[Exercise directions]
Find how many lines of the listing below include the word "construction", then report the number by itself.

[Data extract]
= Beginning of Section =
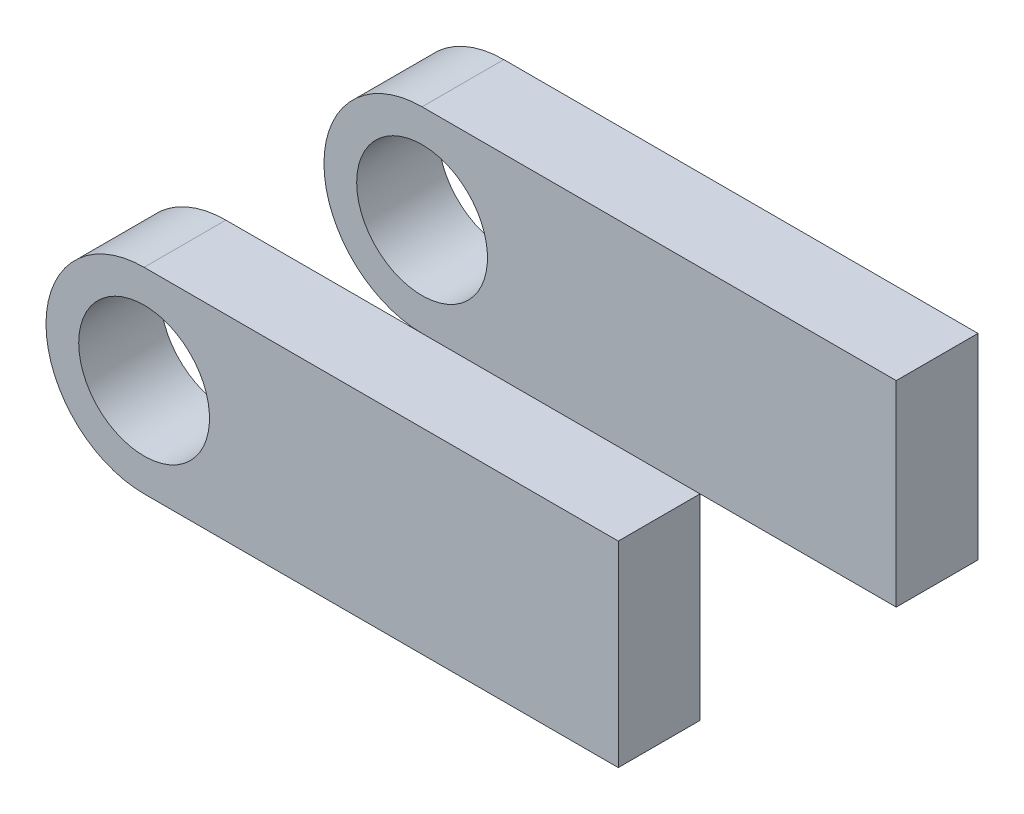
SolidWorks part; units mm, degrees
material "AISI 4130 Steel, normalized at 870C"
ref_plane "Front Plane" through (0, 0, 0) normal (0, 0, 1) x (1, 0, 0)
ref_plane "Top Plane" through (0, 0, 0) normal (0, 1, 0) x (1, 0, 0)
ref_plane "Right Plane" through (0, 0, 0) normal (1, 0, 0) x (0, 0, -1)
sketch "Sketch7" plane through (0, 0, 0) normal (0, 1, 0) x (1, 0, 0)
  line L0 (0, 6) -> (35, 6)
  line L1 (35, 6) -> (35, 11)
  line L2 (35, 11) -> (0, 11)
  line L4 (0, 11) -> (0, 6)
  line L5 (0, -11) -> (35, -11)
  line L6 (35, -11) -> (35, -6)
  line L7 (35, -6) -> (0, -6)
  line L8 (0, -6) -> (0, -11)
  line L9 (0, 6) -> (0, -6) construction
  point P2 (0, 0)
  dimension "D1" = 12
  dimension "D2" = 5
  dimension "D3" = 35
extrude "Boss-Extrude3" add sketch "Sketch7" along normal blind 12
sketch "Sketch8" plane through (0, 0, -11) normal (0, 0, -1) x (-1, 0, 0)
  line L1 (-35, 12) -> (0, 12) construction
  line L2 (-35, 0) -> (0, 0) construction
  line L3 (0, 12) -> (0, 0) construction
  line L6 (-6, 12) -> (6.2691, 12)
  line L7 (6.2691, 12) -> (6.2691, 0)
  line L8 (6.2691, 0) -> (-6, 0)
  arc A0 (-6, 12) -> (-6, 0) centre (-6, 6) cw
  point P9 (0, 6)
  point P12 (0, 6)
extrude "Cut-Extrude9" cut sketch "Sketch8" against normal blind 22
sketch "Sketch9" plane through (0, 0, -11) normal (0, 0, -1) x (-1, 0, 0)
  circle A0 centre (-6, 6) radius 4
  dimension "D1" = 8
extrude "Cut-Extrude10" cut sketch "Sketch9" against normal blind 22
= End of Section =
[Finished task]
4